Seperti yang ditunjuk oleh ayat-ayat “ar-Rahman ‘alal arshistawa” (Al-Qur’an 20:5) dan “ar-Rahman ‘Allamal Qur’an, Khalaqal Insan, ‘Allamahul bayan” (Al-Qur’an 55:1-4). Rahman adalah realitas yang mewujud dalam kesadaran! ‘Kasih’ adalah dalam tindakan ‘mewujudkannya kedalam keberadaan.”
Perkataan Nabi Muhammad saw. bahwa ‘Allah menciptakan Adam dalam citra ar-Rahman’ mengandung makna bahwa aspek ilmu dari manusia mencerminkan fitur-fitur dari yang Rahman, yakni fitur-fitur dari Nama-nama.

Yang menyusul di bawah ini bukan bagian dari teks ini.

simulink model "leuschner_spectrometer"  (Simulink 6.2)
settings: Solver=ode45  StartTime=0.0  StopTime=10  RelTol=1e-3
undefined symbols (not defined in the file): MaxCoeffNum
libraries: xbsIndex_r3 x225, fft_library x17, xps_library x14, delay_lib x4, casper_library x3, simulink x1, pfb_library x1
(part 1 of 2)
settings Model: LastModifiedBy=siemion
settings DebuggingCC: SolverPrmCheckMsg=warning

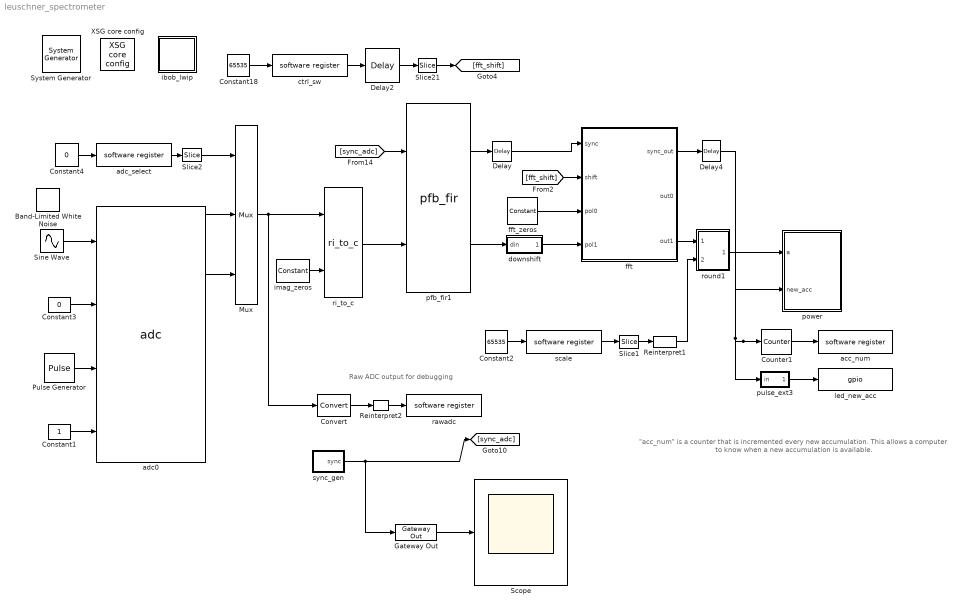
== system leuschner_spectrometer ==
  note: Raw ADC output for debugging
  note: "acc_num" is a counter that is
      | incremented every new accumulation.
      | This allows a computer to know when
      | a new accumulation is available.
  " System Generator" : xbsIndex_r3/ System Generator  Tag=genX  xilinxfamily=Virtex2P  part=xc2vp50  speed=-7  package=ff1152  synthesis_tool=XST  directory=./heilesspec_two_inp/sysgen  testbench=off  simulink_period=1  sysclk_period=41.6667  incr_netlist=off  trim_vbits=Everywhere in SubSystem  dbl_ovrd=According to Block Masks  core_generation=According to Block Masks  run_coregen=off  deprecated_control=off  eval_field=0
      settings: AttributesFormatString=System\nGenerator
  Band-Limited White Noise : simulink/Sources/Band-Limited White Noise  Cov=[0.1]  Ts=0.1  seed=[23341]
  Constant1 : Constant
  Constant18 : Constant  Value=65535
  Constant2 : Constant  Value=65535
  Constant3 : Constant  Value=0
  Constant4 : Constant  Value=0
  Convert : xbsIndex_r3/Convert  arith_type="Signed  (2's comp)"  n_bits=32  bin_pt=7  quantization=Truncate  overflow=Wrap  latency=0  explicit_period=off  period=1  dbl_ovrd=off  show_param=off  inserted_by_tool=off  pipeline=off
      settings: xl_area=[0, 0, 0, 0, 0, 0, 0]
  Counter1 : xbsIndex_r3/Counter  cnt_type=Free Running  n_bits=32  bin_pt=0  arith_type=Unsigned  start_count=0  cnt_to=Inf  cnt_by_val=1  operation=Up  explicit_period=off  period=1  load_pin=off  rst=off  en=on  dbl_ovrd=off  show_param=off  use_rpm=on  gen_core=off
      settings: xl_area=[0, 0, 0, 0, 0, 0, 0]
  Delay : xbsIndex_r3/Delay  latency=2  reg_retiming=off  explicit_period=off  period=1  en=off  accept_only_valid=off  init_zero=on  dbl_ovrd=off  show_param=off
      settings: xl_area=[0, 0, 0, 0, 0, 0, 0]
  Delay2 : xbsIndex_r3/Delay  latency=1  reg_retiming=off  explicit_period=off  period=1  en=off  accept_only_valid=off  init_zero=on  dbl_ovrd=off  show_param=off
      settings: xl_area=[0, 0, 0, 0, 0, 0, 0]
  Delay4 : xbsIndex_r3/Delay  latency=4  reg_retiming=off  explicit_period=off  period=1  en=off  accept_only_valid=off  init_zero=on  dbl_ovrd=off  show_param=off
      settings: xl_area=[0, 0, 0, 0, 0, 0, 0]
  Gateway Out : xbsIndex_r3/Gateway Out  output_type=Double  nbits=8  bin_pt=6  arith_type=Boolean  quantization=Truncate  overflow=Wrap  hdl_port=on  timing_constraint=None  locs_specified=off  LOCs={}  needs_fixed_name=off  show_param=off
      settings: xl_area=[0, 0, 0, 0, 0, 0, 0]
  Mux : xbsIndex_r3/Mux  inputs=2  precision=Full  arith_type="Signed  (2's comp)"  n_bits=8  bin_pt=2  quantization=Truncate  overflow=Wrap  latency=0  explicit_period=off  period=1  en=off  dbl_ovrd=off  show_param=off  mux_type=off  use_rpm=off  gen_core=off
      settings: xl_area=[0, 0, 0, 0, 0, 0, 0]
  Pulse Generator : DiscretePulseGenerator  Period=2^9
  Reinterpret1 : xbsIndex_r3/Reinterpret  force_arith_type=on  arith_type=Unsigned  force_bin_pt=on  bin_pt=3  force_valid=on
  Reinterpret2 : xbsIndex_r3/Reinterpret  force_arith_type=on  arith_type=Unsigned  force_bin_pt=on  bin_pt=0  force_valid=on
  Scope : Scope
      settings: YMin=-1  YMax=1
  Sine Wave : Sin  SineType=Sample based  Amplitude=0.2  Frequency=2*pi*0.5  Samples=8  SampleTime=1
  Slice1 : xbsIndex_r3/Slice  mode=Lower Bit Location + Width  nbits=18  bit1=0  base1=MSB of Input  bit0=0  base0=LSB of Input  boolean_output=off  explicit_period=off  period=1  dbl_ovrd=off
  Slice2 : xbsIndex_r3/Slice  mode=Lower Bit Location + Width  nbits=1  bit1=0  base1=MSB of Input  bit0=0  base0=LSB of Input  boolean_output=on  explicit_period=off  period=1  dbl_ovrd=off
  Slice21 : xbsIndex_r3/Slice  mode=Lower Bit Location + Width  nbits=16  bit1=0  base1=MSB of Input  bit0=0  base0=LSB of Input  boolean_output=off  explicit_period=off  period=1  dbl_ovrd=off
  XSG core config : xps_library/XSG core config  Tag=xps:xsg  hw_sys=iBOB  ibob_linux=off  clk_src=adc0_clk  gpio_clk_io_group=iBOB:sma  gpio_clk_bit_index=0  clk_rate=24  sample_period=1  synthesis_tool=XST  mpc_type=powerpc405
  acc_num : xps_library/software register  Tag=xps:sw_reg  io_dir=To Processor  arith_type=Unsigned  bitwidth=32  bin_pt=0  sample_period=1  gw_name=heilesspec_two_inp_acc_num_user_data_in
  adc0 : xps_library/adc  Tag=xps:adc  adc_brd=iBOB:adc0  adc_clk_rate=96  adc_interleave=off  sample_period=1
  adc_select : xps_library/software register  Tag=xps:sw_reg  io_dir=From Processor  arith_type=Unsigned  bitwidth=32  bin_pt=0  sample_period=1  gw_name=heilesspec_two_inp_adc_select_user_data_out
  ctrl_sw : xps_library/software register  Tag=xps:sw_reg  io_dir=From Processor  arith_type=Unsigned  bitwidth=32  bin_pt=0  sample_period=1  gw_name=heilesspec_two_inp_ctrl_sw_user_data_out
  downshift : Subsystem
  fft : Subsystem  AncestorBlock=fft_library/fft  mask{FFTSize=14, BitWidth=18, n_inputs=0, quantization=Truncate, overflow=Wrap, add_latency=2, mult_latency=4, bram_latency=1}
      mask prompts: FFTSize "Size of FFT: (2^?)"; BitWidth "Bit Width"; n_inputs "Number of Simultaneous Inputs: (2^?)"; quantization "Quantization Behavior"; overflow "Overflow Behavior"; add_latency "Add Latency"; mult_latency "Mult Latency"; bram_latency "BRAM Latency"
      mask init:
      | fft_mask;
      mask StyleString: edit,edit,edit,popup(Truncate|Round  (unbiased: +/- Inf)|Round  (unbiased: Even Values)),popup(Wrap|Saturate|Error),edit,edit,edit
  fft_zeros : xbsIndex_r3/Constant  const=0  equ=P=C  arith_type=Unsigned  n_bits=36  bin_pt=0  opselect=C  inp2=PCIN>>17  opr=+  inp1=P  carry=CIN  iostate=0  explicit_period=on  period=1  dbl_ovrd=off
  ibob_lwip : Subsystem  AncestorBlock=xps_library/ibob_lwip
      mask Type: ibobethlite
      mask Description: Attaches SRAM0 to the PLB bus and adds LWIP support.
      mask Display: fprintf('IBOB\nLWIP');
  imag_zeros : xbsIndex_r3/Constant  const=0  equ=P=C  arith_type="Signed  (2's comp)"  n_bits=8  bin_pt=7  opselect=C  inp2=PCIN>>17  opr=+  inp1=P  carry=CIN  iostate=0  explicit_period=on  period=1  dbl_ovrd=off
  led_new_acc : xps_library/gpio  Tag=xps:gpio  io_group=iBOB:led  io_dir=out  arith_type=Boolean  bitwidth=1  bin_pt=0  bit_index=5  sample_period=1  use_single_ended=off  use_ddr=off  reg_iob=on  reg_clk_phase=0  termination=None
  pfb_fir1 : pfb_library/pfb_fir  PFBSize=14  TotalTaps=2  WindowType=hamming  n_inputs=0  MakeBiplex=off  BitWidthIn=8  BitWidthOut=18  CoeffBitWidth=8  CoeffDistMem=on  add_latency=2  mult_latency=3  bram_latency=2  quantization="Round  (unbiased: +/- Inf)"  fwidth=1
      link override pol1_in1_first_tap/sync_delay/Constant: equ=P=C
      link override pol1_in1_first_tap/sync_delay/Constant1: equ=P=C
      link override pol1_in1_first_tap/sync_delay/Constant2: equ=P=C
      link override pol1_in1_first_tap/sync_delay/Constant3: equ=P=C
  power : Subsystem
  pulse_ext3 : Subsystem  mask{pulse_len=2^23}
      mask prompts: pulse_len "Length of Pulse"
      mask init:
      | bits = ceil(log2(pulse_len+1));
  rawadc : xps_library/software register  Tag=xps:sw_reg  io_dir=To Processor  arith_type=Unsigned  bitwidth=32  bin_pt=0  sample_period=1  gw_name=heilesspec_two_inp_rawadc_user_data_in
  ri_to_c : fft_library/ri_to_c  likes_cookies=on
  round1 : Subsystem
  scale : xps_library/software register  Tag=xps:sw_reg  io_dir=From Processor  arith_type=Unsigned  bitwidth=32  bin_pt=0  sample_period=1  gw_name=heilesspec_two_inp_scale_user_data_out
  sync_gen : Subsystem
  wires:
  Pulse Generator/1 -> adc0/3
  Constant1/1 -> adc0/4
  pfb_fir1/1 -> Delay/1
  sync_gen/1(sync) -> Gateway Out/1, [sync_adc]
  Constant18/1 -> ctrl_sw/1
  ctrl_sw/1 -> Delay2/1
  Slice21/1 -> [fft_shift]
  [sync_adc] -> pfb_fir1/1
  [fft_shift] -> fft/2(shift)
  fft/1(sync_out) -> Delay4/1
  pulse_ext3/1(out) -> led_new_acc/1
  Counter1/1 -> acc_num/1
  Delay2/1 -> Slice21/1
  pfb_fir1/2 -> downshift/1(din)
  Delay/1 -> fft/1(sync)
  Gateway Out/1 -> Scope/1
  Constant3/1 -> adc0/2
  imag_zeros/1 -> ri_to_c/2
  ri_to_c/1 -> pfb_fir1/2
  downshift/1(dout) -> fft/4(pol1)
  Sine Wave/1 -> adc0/1
  fft_zeros/1 -> fft/3(pol0)
  Reinterpret1/1 -> round1/2(scale)
  Delay4/1 -> power/2(new_acc), pulse_ext3/1(in), Counter1/1
  fft/3(out1) -> round1/1(din)
  Constant2/1 -> scale/1
  scale/1 -> Slice1/1
  Slice1/1 -> Reinterpret1/1
  adc0/1 -> Mux/2
  adc0/5 -> Mux/3
  Slice2/1 -> Mux/1
  adc_select/1 -> Slice2/1
  Convert/1 -> Reinterpret2/1
  Mux/1 -> Convert/1, ri_to_c/1
  Reinterpret2/1 -> rawadc/1
  Constant4/1 -> adc_select/1
  round1/1(dout) -> power/1(a)

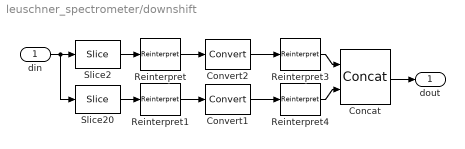
== system leuschner_spectrometer/downshift ==
  din : Inport  Port=1  LatchInput=off
  Concat : xbsIndex_r3/Concat  num_inputs=2  explicit_period=off  period=1  dbl_ovrd=off
  Convert1 : xbsIndex_r3/Convert  arith_type="Signed  (2's comp)"  n_bits=18  bin_pt=15  quantization="Round  (unbiased: Even Values)"  overflow=Wrap  latency=2  explicit_period=off  period=1  dbl_ovrd=off  show_param=off  inserted_by_tool=off  pipeline=off
      settings: xl_area=[0, 0, 0, 0, 0, 0, 0]
  Convert2 : xbsIndex_r3/Convert  arith_type="Signed  (2's comp)"  n_bits=18  bin_pt=15  quantization="Round  (unbiased: Even Values)"  overflow=Wrap  latency=2  explicit_period=off  period=1  dbl_ovrd=off  show_param=off  inserted_by_tool=off  pipeline=off
      settings: xl_area=[0, 0, 0, 0, 0, 0, 0]
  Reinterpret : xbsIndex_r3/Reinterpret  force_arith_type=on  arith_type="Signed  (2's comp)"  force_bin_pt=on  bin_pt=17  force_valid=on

Esensi (dzat) dari manusia juga berhubungan dengan nama Rahman. Dengan demikian, para politeis tidak mampu memahami pemikiran mengenai bersujud kepada yang Rahman (Al-Qur’an 25:60), dan Setan (pikiran, illusi) berontak terhadap yang Rahman (Qur’an 19:44). Ayat-ayat ini menunjukkan manifestasi dari esensi ‘Manusia’.